Kiosks’ springtime performance a positive sign
There are some positive signs for Ohio’s sports betting kiosk market.
After peaking in March, betting volume from the kiosks dropped going into April. This was expected, as the sports betting industry overall slows down after the NCAA tournament and through the end of the summer.
But, while the sportsbooks’ handle dropped 30% from March to April in Ohio, the handle decrease for sports betting kiosks was only 18% in the same time period.
Even more promising for the kiosk market, though revenue dipped slightly, handle increased 10% in May. That suggests that interest in using the kiosks could remain steady through the summer, bucking the overall sports betting slow down trend ahead of the start of the NFL season.
Kiosk market has room to expand in coming months
Despite the leveling off of host locations in recent months, Frizzi-Babb says the Lottery is hopeful that more businesses will be adding kiosks as the year goes on.
“We do anticipate additional locations coming on board as we move forward into the fall,” she says.
Since the launch of the kiosk program, the Ohio Lottery has pre-approved more than 1,600 businesses for Type-C licensing. Pre-approved businesses must be approved by the Ohio Casino Control Commission, which has so far approved more than 1,100, before final approval from the Lottery once the host has partnered with a sports gaming proprietor.
One way the number of active hosts could be increased is by expanding the types of businesses that are able to host kiosks. In late April, the Ohio House of Representatives approved a new operating budget for the state that included a clause expanding the types of businesses allowed to host sports betting kiosks to include breweries, distilleries and wineries. Lawmakers in the House and Ohio Senate last week approved the budget, which also increased the state’s sports betting tax rate from 10% to 20%.
Another big expansion could come from two of Ohio’s biggest supermarket chains.

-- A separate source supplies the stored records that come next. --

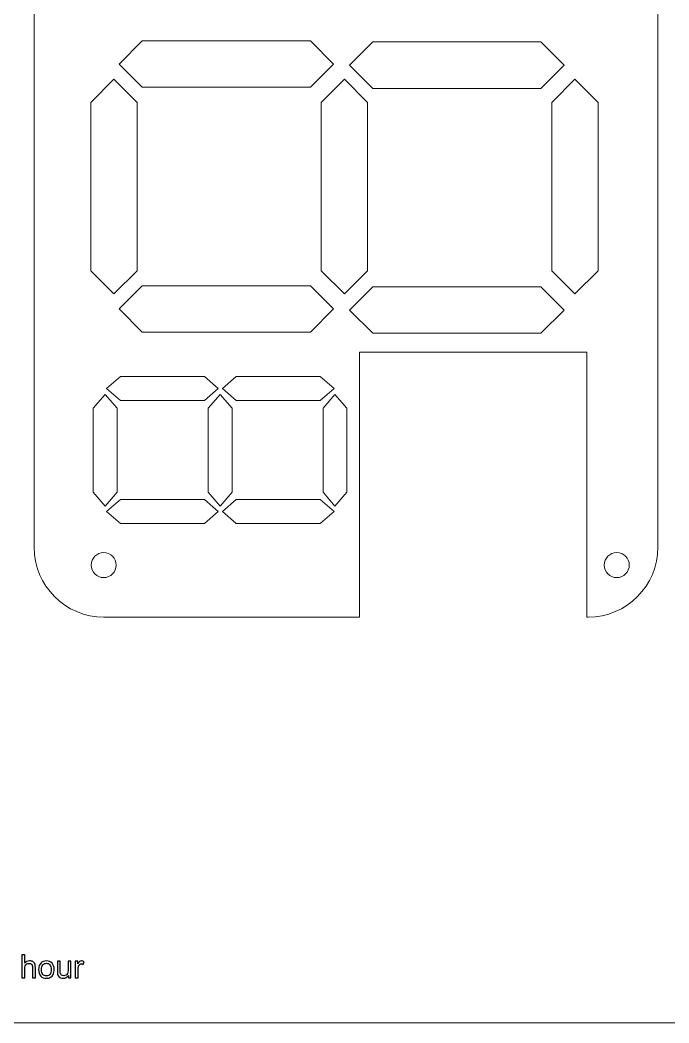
# Model space of a CAD drawing. Header units: millimetres. Extents: x -450 to 450, y -300 to 300.
# Drawn here: x 84.2 to 255.7, y -300 to -35.2 of the extents above; entities that cross this region are included whole.
import ezdxf

# ---------------------------------------------------------------- set-up
doc = ezdxf.new("R2010")
doc.units = ezdxf.units.MM
doc.header["$MEASUREMENT"] = 0
doc.layers.add('Layer 1', color=7, linetype='Continuous')

msp = doc.modelspace()

# ---------------------------------------------------------------- linework, layer by layer
at = {"layer": 'Layer 1', "color": 250, "lineweight": 20}
msp.add_lwpolyline([(-450, -300), (450, -300), (450, 300), (-450, 300), (-450, -300)], close=True, dxfattribs=at)
at = {"layer": 'Layer 1', "color": 225, "lineweight": 20}
msp.add_open_spline([(87.8935, -174.4039), (87.8935, -174.4039), (87.8935, 260.1417), (87.8935, 260.1417), (87.8935, 260.1417), (87.8935, 270.2947), (96.2005, 278.6017), (106.3535, 278.6017), (106.3535, 278.6017), (106.3535, 278.6017), (234.3206, 278.6017), (234.3206, 278.6017), (234.3206, 278.6017), (244.4736, 278.6017), (252.7806, 270.2947), (252.7806, 260.1417), (252.7806, 260.1417), (252.7806, 260.1417), (252.7806, -174.4039), (252.7806, -174.4039), (252.7806, -174.4039), (252.7806, -184.5569), (244.4736, -192.8639), (234.3206, -192.8639), (234.3206, -192.8639), (234.3206, -192.8639), (233.9351, -192.8639), (233.9351, -192.8639), (233.9351, -192.8639), (233.9351, -192.8639), (233.9351, -122.906), (233.9351, -122.906), (233.9351, -122.906), (233.9351, -122.906), (173.9041, -122.906), (173.9041, -122.906), (173.9041, -122.906), (173.9041, -122.906), (173.9041, -192.8639), (173.9041, -192.8639), (173.9041, -192.8639), (173.9041, -192.8639), (106.3535, -192.8639), (106.3535, -192.8639), (106.3535, -192.8639), (96.2005, -192.8639), (87.8935, -184.5569), (87.8935, -174.4039)], degree=3, knots=[0, 0, 0, 0, 0.07692308, 0.07692308, 0.07692308, 0.07692308, 0.15384615, 0.15384615, 0.15384615, 0.15384615, 0.23076923, 0.23076923, 0.23076923, 0.23076923, 0.30769231, 0.30769231, 0.30769231, 0.30769231, 0.38461538, 0.38461538, 0.38461538, 0.38461538, 0.46153846, 0.46153846, 0.46153846, 0.46153846, 0.53846154, 0.53846154, 0.53846154, 0.53846154, 0.61538462, 0.61538462, 0.61538462, 0.61538462, 0.69230769, 0.69230769, 0.69230769, 0.69230769, 0.76923077, 0.76923077, 0.76923077, 0.76923077, 0.84615385, 0.84615385, 0.84615385, 0.84615385, 1, 1, 1, 1], dxfattribs=at)
at = {"layer": 'Layer 1', "color": 242, "lineweight": 20}
for points, knots in [([(116.5007, -52.9652), (116.5007, -52.9652), (110.3826, -46.8471), (110.3826, -46.8471), (110.3826, -46.8471), (110.3826, -46.8471), (116.5007, -40.729), (116.5007, -40.729), (116.5007, -40.729), (116.5007, -40.729), (138.7103, -40.729), (138.7103, -40.729), (138.7103, -40.729), (138.7103, -40.729), (160.9199, -40.729), (160.9199, -40.729), (160.9199, -40.729), (160.9199, -40.729), (167.038, -46.8471), (167.038, -46.8471), (167.038, -46.8471), (167.038, -46.8471), (160.9199, -52.9652), (160.9199, -52.9652), (160.9199, -52.9652), (160.9199, -52.9652), (138.7103, -52.9652), (138.7103, -52.9652), (138.7103, -52.9652), (138.7103, -52.9652), (116.5007, -52.9652), (116.5007, -52.9652)], [0, 0, 0, 0, 0.11111111, 0.11111111, 0.11111111, 0.11111111, 0.22222222, 0.22222222, 0.22222222, 0.22222222, 0.33333333, 0.33333333, 0.33333333, 0.33333333, 0.44444444, 0.44444444, 0.44444444, 0.44444444, 0.55555556, 0.55555556, 0.55555556, 0.55555556, 0.66666667, 0.66666667, 0.66666667, 0.66666667, 0.77777778, 0.77777778, 0.77777778, 0.77777778, 1, 1, 1, 1]), ([(177.4238, -53.2371), (177.4238, -53.2371), (171.3057, -47.119), (171.3057, -47.119), (171.3057, -47.119), (171.3057, -47.119), (177.4238, -41.0009), (177.4238, -41.0009), (177.4238, -41.0009), (177.4238, -41.0009), (199.6334, -41.0009), (199.6334, -41.0009), (199.6334, -41.0009), (199.6334, -41.0009), (221.843, -41.0009), (221.843, -41.0009), (221.843, -41.0009), (221.843, -41.0009), (227.9611, -47.119), (227.9611, -47.119), (227.9611, -47.119), (227.9611, -47.119), (221.843, -53.2371), (221.843, -53.2371), (221.843, -53.2371), (221.843, -53.2371), (199.6334, -53.2371), (199.6334, -53.2371), (199.6334, -53.2371), (199.6334, -53.2371), (177.4238, -53.2371), (177.4238, -53.2371)], [0, 0, 0, 0, 0.11111111, 0.11111111, 0.11111111, 0.11111111, 0.22222222, 0.22222222, 0.22222222, 0.22222222, 0.33333333, 0.33333333, 0.33333333, 0.33333333, 0.44444444, 0.44444444, 0.44444444, 0.44444444, 0.55555556, 0.55555556, 0.55555556, 0.55555556, 0.66666667, 0.66666667, 0.66666667, 0.66666667, 0.77777778, 0.77777778, 0.77777778, 0.77777778, 1, 1, 1, 1]), ([(115.1141, -101.3815), (115.1141, -101.3815), (108.996, -107.4996), (108.996, -107.4996), (108.996, -107.4996), (108.996, -107.4996), (102.8779, -101.3815), (102.8779, -101.3815), (102.8779, -101.3815), (102.8779, -101.3815), (102.8779, -79.1719), (102.8779, -79.1719), (102.8779, -79.1719), (102.8779, -79.1719), (102.8779, -56.9623), (102.8779, -56.9623), (102.8779, -56.9623), (102.8779, -56.9623), (108.996, -50.8442), (108.996, -50.8442), (108.996, -50.8442), (108.996, -50.8442), (115.1141, -56.9623), (115.1141, -56.9623), (115.1141, -56.9623), (115.1141, -56.9623), (115.1141, -79.1719), (115.1141, -79.1719), (115.1141, -79.1719), (115.1141, -79.1719), (115.1141, -101.3815), (115.1141, -101.3815)], [0, 0, 0, 0, 0.11111111, 0.11111111, 0.11111111, 0.11111111, 0.22222222, 0.22222222, 0.22222222, 0.22222222, 0.33333333, 0.33333333, 0.33333333, 0.33333333, 0.44444444, 0.44444444, 0.44444444, 0.44444444, 0.55555556, 0.55555556, 0.55555556, 0.55555556, 0.66666667, 0.66666667, 0.66666667, 0.66666667, 0.77777778, 0.77777778, 0.77777778, 0.77777778, 1, 1, 1, 1]), ([(176.0371, -101.3815), (176.0371, -101.3815), (169.919, -107.4996), (169.919, -107.4996), (169.919, -107.4996), (169.919, -107.4996), (163.8009, -101.3815), (163.8009, -101.3815), (163.8009, -101.3815), (163.8009, -101.3815), (163.8009, -79.1719), (163.8009, -79.1719), (163.8009, -79.1719), (163.8009, -79.1719), (163.8009, -56.9623), (163.8009, -56.9623), (163.8009, -56.9623), (163.8009, -56.9623), (169.919, -50.8442), (169.919, -50.8442), (169.919, -50.8442), (169.919, -50.8442), (176.0371, -56.9623), (176.0371, -56.9623), (176.0371, -56.9623), (176.0371, -56.9623), (176.0371, -79.1719), (176.0371, -79.1719), (176.0371, -79.1719), (176.0371, -79.1719), (176.0371, -101.3815), (176.0371, -101.3815)], [0, 0, 0, 0, 0.11111111, 0.11111111, 0.11111111, 0.11111111, 0.22222222, 0.22222222, 0.22222222, 0.22222222, 0.33333333, 0.33333333, 0.33333333, 0.33333333, 0.44444444, 0.44444444, 0.44444444, 0.44444444, 0.55555556, 0.55555556, 0.55555556, 0.55555556, 0.66666667, 0.66666667, 0.66666667, 0.66666667, 0.77777778, 0.77777778, 0.77777778, 0.77777778, 1, 1, 1, 1]), ([(236.9601, -101.3815), (236.9601, -101.3815), (230.842, -107.4996), (230.842, -107.4996), (230.842, -107.4996), (230.842, -107.4996), (224.7239, -101.3815), (224.7239, -101.3815), (224.7239, -101.3815), (224.7239, -101.3815), (224.7239, -79.1719), (224.7239, -79.1719), (224.7239, -79.1719), (224.7239, -79.1719), (224.7239, -56.9623), (224.7239, -56.9623), (224.7239, -56.9623), (224.7239, -56.9623), (230.842, -50.8442), (230.842, -50.8442), (230.842, -50.8442), (230.842, -50.8442), (236.9601, -56.9623), (236.9601, -56.9623), (236.9601, -56.9623), (236.9601, -56.9623), (236.9601, -79.1719), (236.9601, -79.1719), (236.9601, -79.1719), (236.9601, -79.1719), (236.9601, -101.3815), (236.9601, -101.3815)], [0, 0, 0, 0, 0.11111111, 0.11111111, 0.11111111, 0.11111111, 0.22222222, 0.22222222, 0.22222222, 0.22222222, 0.33333333, 0.33333333, 0.33333333, 0.33333333, 0.44444444, 0.44444444, 0.44444444, 0.44444444, 0.55555556, 0.55555556, 0.55555556, 0.55555556, 0.66666667, 0.66666667, 0.66666667, 0.66666667, 0.77777778, 0.77777778, 0.77777778, 0.77777778, 1, 1, 1, 1]), ([(116.5007, -117.6149), (116.5007, -117.6149), (110.3826, -111.4968), (110.3826, -111.4968), (110.3826, -111.4968), (110.3826, -111.4968), (116.5007, -105.3787), (116.5007, -105.3787), (116.5007, -105.3787), (116.5007, -105.3787), (138.7103, -105.3787), (138.7103, -105.3787), (138.7103, -105.3787), (138.7103, -105.3787), (160.9199, -105.3787), (160.9199, -105.3787), (160.9199, -105.3787), (160.9199, -105.3787), (167.038, -111.4968), (167.038, -111.4968), (167.038, -111.4968), (167.038, -111.4968), (160.9199, -117.6149), (160.9199, -117.6149), (160.9199, -117.6149), (160.9199, -117.6149), (138.7103, -117.6149), (138.7103, -117.6149), (138.7103, -117.6149), (138.7103, -117.6149), (116.5007, -117.6149), (116.5007, -117.6149)], [0, 0, 0, 0, 0.11111111, 0.11111111, 0.11111111, 0.11111111, 0.22222222, 0.22222222, 0.22222222, 0.22222222, 0.33333333, 0.33333333, 0.33333333, 0.33333333, 0.44444444, 0.44444444, 0.44444444, 0.44444444, 0.55555556, 0.55555556, 0.55555556, 0.55555556, 0.66666667, 0.66666667, 0.66666667, 0.66666667, 0.77777778, 0.77777778, 0.77777778, 0.77777778, 1, 1, 1, 1]), ([(177.4238, -117.8868), (177.4238, -117.8868), (171.3057, -111.7687), (171.3057, -111.7687), (171.3057, -111.7687), (171.3057, -111.7687), (177.4238, -105.6506), (177.4238, -105.6506), (177.4238, -105.6506), (177.4238, -105.6506), (199.6334, -105.6506), (199.6334, -105.6506), (199.6334, -105.6506), (199.6334, -105.6506), (221.843, -105.6506), (221.843, -105.6506), (221.843, -105.6506), (221.843, -105.6506), (227.9611, -111.7687), (227.9611, -111.7687), (227.9611, -111.7687), (227.9611, -111.7687), (221.843, -117.8868), (221.843, -117.8868), (221.843, -117.8868), (221.843, -117.8868), (199.6334, -117.8868), (199.6334, -117.8868), (199.6334, -117.8868), (199.6334, -117.8868), (177.4238, -117.8868), (177.4238, -117.8868)], [0, 0, 0, 0, 0.11111111, 0.11111111, 0.11111111, 0.11111111, 0.22222222, 0.22222222, 0.22222222, 0.22222222, 0.33333333, 0.33333333, 0.33333333, 0.33333333, 0.44444444, 0.44444444, 0.44444444, 0.44444444, 0.55555556, 0.55555556, 0.55555556, 0.55555556, 0.66666667, 0.66666667, 0.66666667, 0.66666667, 0.77777778, 0.77777778, 0.77777778, 0.77777778, 1, 1, 1, 1]), ([(103.023, -179.1214), (103.023, -177.2989), (104.5005, -175.8214), (106.323, -175.8214), (106.323, -175.8214), (108.1455, -175.8214), (109.623, -177.2989), (109.623, -179.1214), (109.623, -179.1214), (109.623, -180.944), (108.1455, -182.4214), (106.323, -182.4214), (106.323, -182.4214), (104.5005, -182.4214), (103.023, -180.944), (103.023, -179.1214)], [0, 0, 0, 0, 0.2, 0.2, 0.2, 0.2, 0.4, 0.4, 0.4, 0.4, 0.6, 0.6, 0.6, 0.6, 1, 1, 1, 1]), ([(238.6007, -179.1214), (238.6007, -177.2989), (240.0782, -175.8214), (241.9007, -175.8214), (241.9007, -175.8214), (243.7232, -175.8214), (245.2007, -177.2989), (245.2007, -179.1214), (245.2007, -179.1214), (245.2007, -180.944), (243.7232, -182.4214), (241.9007, -182.4214), (241.9007, -182.4214), (240.0782, -182.4214), (238.6007, -180.944), (238.6007, -179.1214)], [0, 0, 0, 0, 0.2, 0.2, 0.2, 0.2, 0.4, 0.4, 0.4, 0.4, 0.6, 0.6, 0.6, 0.6, 1, 1, 1, 1])]:
    msp.add_open_spline(points, degree=3, knots=knots, dxfattribs=at)
at = {"layer": 'Layer 1', "color": 142, "lineweight": 20}
for points in [[(132.9166, -135.6136), (132.9166, -135.6136), (136.5742, -132.4538), (136.5742, -132.4538), (136.5742, -132.4538), (136.5742, -132.4538), (132.9166, -129.294), (132.9166, -129.294), (132.9166, -129.294), (132.9166, -129.294), (121.8489, -129.294), (121.8489, -129.294), (121.8489, -129.294), (121.8489, -129.294), (110.7813, -129.294), (110.7813, -129.294), (110.7813, -129.294), (110.7813, -129.294), (107.0861, -132.4538), (107.0861, -132.4538), (107.0861, -132.4538), (107.0861, -132.4538), (110.7813, -135.6136), (110.7813, -135.6136), (110.7813, -135.6136), (110.7813, -135.6136), (121.849, -135.6136), (121.849, -135.6136), (121.849, -135.6136), (121.849, -135.6136), (132.9166, -135.6136), (132.9166, -135.6136)], [(141.3409, -129.294), (141.3409, -129.294), (137.6833, -132.4538), (137.6833, -132.4538), (137.6833, -132.4538), (137.6833, -132.4538), (141.3409, -135.6136), (141.3409, -135.6136), (141.3409, -135.6136), (141.3409, -135.6136), (152.4086, -135.6136), (152.4086, -135.6136), (152.4086, -135.6136), (152.4086, -135.6136), (163.4762, -135.6136), (163.4762, -135.6136), (163.4762, -135.6136), (163.4762, -135.6136), (167.1714, -132.4538), (167.1714, -132.4538), (167.1714, -132.4538), (167.1714, -132.4538), (163.4762, -129.294), (163.4762, -129.294), (163.4762, -129.294), (163.4762, -129.294), (152.4085, -129.294), (152.4085, -129.294), (152.4085, -129.294), (152.4085, -129.294), (141.3409, -129.294), (141.3409, -129.294)], [(109.8398, -137.7004), (109.8398, -137.7004), (106.68, -134.0428), (106.68, -134.0428), (106.68, -134.0428), (106.68, -134.0428), (103.5202, -137.7004), (103.5202, -137.7004), (103.5202, -137.7004), (103.5202, -137.7004), (103.5202, -148.7681), (103.5202, -148.7681), (103.5202, -148.7681), (103.5202, -148.7681), (103.5202, -159.8357), (103.5202, -159.8357), (103.5202, -159.8357), (103.5202, -159.8357), (106.68, -163.5309), (106.68, -163.5309), (106.68, -163.5309), (106.68, -163.5309), (109.8398, -159.8357), (109.8398, -159.8357), (109.8398, -159.8357), (109.8398, -159.8357), (109.8398, -148.768), (109.8398, -148.768), (109.8398, -148.768), (109.8398, -148.768), (109.8398, -137.7004), (109.8398, -137.7004)], [(140.2149, -137.7008), (140.2149, -137.7008), (137.0551, -134.0432), (137.0551, -134.0432), (137.0551, -134.0432), (137.0551, -134.0432), (133.8953, -137.7008), (133.8953, -137.7008), (133.8953, -137.7008), (133.8953, -137.7008), (133.8953, -148.7685), (133.8953, -148.7685), (133.8953, -148.7685), (133.8953, -148.7685), (133.8953, -159.8361), (133.8953, -159.8361), (133.8953, -159.8361), (133.8953, -159.8361), (137.0551, -163.5313), (137.0551, -163.5313), (137.0551, -163.5313), (137.0551, -163.5313), (140.2149, -159.8361), (140.2149, -159.8361), (140.2149, -159.8361), (140.2149, -159.8361), (140.2149, -148.7684), (140.2149, -148.7684), (140.2149, -148.7684), (140.2149, -148.7684), (140.2149, -137.7008), (140.2149, -137.7008)], [(170.59, -137.7012), (170.59, -137.7012), (167.4302, -134.0436), (167.4302, -134.0436), (167.4302, -134.0436), (167.4302, -134.0436), (164.2704, -137.7012), (164.2704, -137.7012), (164.2704, -137.7012), (164.2704, -137.7012), (164.2704, -148.7689), (164.2704, -148.7689), (164.2704, -148.7689), (164.2704, -148.7689), (164.2704, -159.8365), (164.2704, -159.8365), (164.2704, -159.8365), (164.2704, -159.8365), (167.4302, -163.5317), (167.4302, -163.5317), (167.4302, -163.5317), (167.4302, -163.5317), (170.59, -159.8365), (170.59, -159.8365), (170.59, -159.8365), (170.59, -159.8365), (170.59, -148.7688), (170.59, -148.7688), (170.59, -148.7688), (170.59, -148.7688), (170.59, -137.7012), (170.59, -137.7012)], [(132.9166, -168.1505), (132.9166, -168.1505), (136.5742, -164.9907), (136.5742, -164.9907), (136.5742, -164.9907), (136.5742, -164.9907), (132.9166, -161.8309), (132.9166, -161.8309), (132.9166, -161.8309), (132.9166, -161.8309), (121.8489, -161.8309), (121.8489, -161.8309), (121.8489, -161.8309), (121.8489, -161.8309), (110.7813, -161.8309), (110.7813, -161.8309), (110.7813, -161.8309), (110.7813, -161.8309), (107.0861, -164.9907), (107.0861, -164.9907), (107.0861, -164.9907), (107.0861, -164.9907), (110.7813, -168.1505), (110.7813, -168.1505), (110.7813, -168.1505), (110.7813, -168.1505), (121.849, -168.1505), (121.849, -168.1505), (121.849, -168.1505), (121.849, -168.1505), (132.9166, -168.1505), (132.9166, -168.1505)], [(141.3408, -161.8309), (141.3408, -161.8309), (137.6832, -164.9907), (137.6832, -164.9907), (137.6832, -164.9907), (137.6832, -164.9907), (141.3408, -168.1505), (141.3408, -168.1505), (141.3408, -168.1505), (141.3408, -168.1505), (152.4085, -168.1505), (152.4085, -168.1505), (152.4085, -168.1505), (152.4085, -168.1505), (163.4761, -168.1505), (163.4761, -168.1505), (163.4761, -168.1505), (163.4761, -168.1505), (167.1713, -164.9907), (167.1713, -164.9907), (167.1713, -164.9907), (167.1713, -164.9907), (163.4761, -161.8309), (163.4761, -161.8309), (163.4761, -161.8309), (163.4761, -161.8309), (152.4084, -161.8309), (152.4084, -161.8309), (152.4084, -161.8309), (152.4084, -161.8309), (141.3408, -161.8309), (141.3408, -161.8309)]]:
    msp.add_open_spline(points, degree=3, knots=[0, 0, 0, 0, 0.11111111, 0.11111111, 0.11111111, 0.11111111, 0.22222222, 0.22222222, 0.22222222, 0.22222222, 0.33333333, 0.33333333, 0.33333333, 0.33333333, 0.44444444, 0.44444444, 0.44444444, 0.44444444, 0.55555556, 0.55555556, 0.55555556, 0.55555556, 0.66666667, 0.66666667, 0.66666667, 0.66666667, 0.77777778, 0.77777778, 0.77777778, 0.77777778, 1, 1, 1, 1], dxfattribs=at)
at = {"layer": 'Layer 1', "color": 250}
for points, knots in [([(84.6877, -288.1092), (84.6877, -288.1092), (84.6877, -282.047), (84.6877, -282.047), (84.6877, -282.047), (84.6877, -282.047), (85.4328, -282.047), (85.4328, -282.047), (85.4328, -282.047), (85.4328, -282.047), (85.4328, -284.2286), (85.4328, -284.2286), (85.4328, -284.2286), (85.7785, -283.8236), (86.2145, -283.6218), (86.7423, -283.6218), (86.7423, -283.6218), (87.0654, -283.6218), (87.3462, -283.6853), (87.5861, -283.8138), (87.5861, -283.8138), (87.8246, -283.9422), (87.9954, -284.1186), (88.0984, -284.3443), (88.0984, -284.3443), (88.2014, -284.5701), (88.2522, -284.8989), (88.2522, -285.3279), (88.2522, -285.3279), (88.2522, -285.3279), (88.2522, -288.1092), (88.2522, -288.1092), (88.2522, -288.1092), (88.2522, -288.1092), (87.5071, -288.1092), (87.5071, -288.1092), (87.5071, -288.1092), (87.5071, -288.1092), (87.5071, -285.3307), (87.5071, -285.3307), (87.5071, -285.3307), (87.5071, -284.9596), (87.4267, -284.6887), (87.2672, -284.5193), (87.2672, -284.5193), (87.1064, -284.35), (86.8806, -284.2653), (86.5871, -284.2653), (86.5871, -284.2653), (86.3683, -284.2653), (86.1623, -284.3218), (85.969, -284.4361), (85.969, -284.4361), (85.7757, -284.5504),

“All eligible Giant Eagle and Kroger locations that have submitted applications have been approved to be C host locations through the Lottery and OCCC,” Frizzi-Babb says. “Each are working with potential proprietor partners to implement their own timelines for a prospective launch.”
Kroger has been approved to host kiosks at 42 of its Ohio locations, while Giant Eagle is approved for 64 licenses. Neither Giant Eagle nor Kroger have announced plans for when kiosks will finally be introduced at their stores.
Kiosk proprietors and regulators working to grow market
Sports betting is still a new industry in Ohio and the state’s kiosk program is up against the steep competition presented by online sportsbooks, which essentially puts sports betting in nearly everyone’s pocket.
The kiosk market in Ohio also faces more regulatory limitations than the sportsbook market. Bettors are only allowed to bet a maximum of $700 each week across all kiosks in the state, so spending is capped for users. And the kiosks only accept certain wagers — spread, over/under, moneyline and limited parlays.
When asked if there were any plans to do things differently in the coming months to attract more business to the sports betting kiosk market, Frizzi-Babb sounds a note of optimism.
“All Type-C proprietors are continuing to work on innovative ways to engage players, expand their offering and market/promote their own solution,” she says. “From the Lottery perspective our focus as the regulator is to ensure that proprietors do so in a manner that complies with all the rules and regulations established for the program.”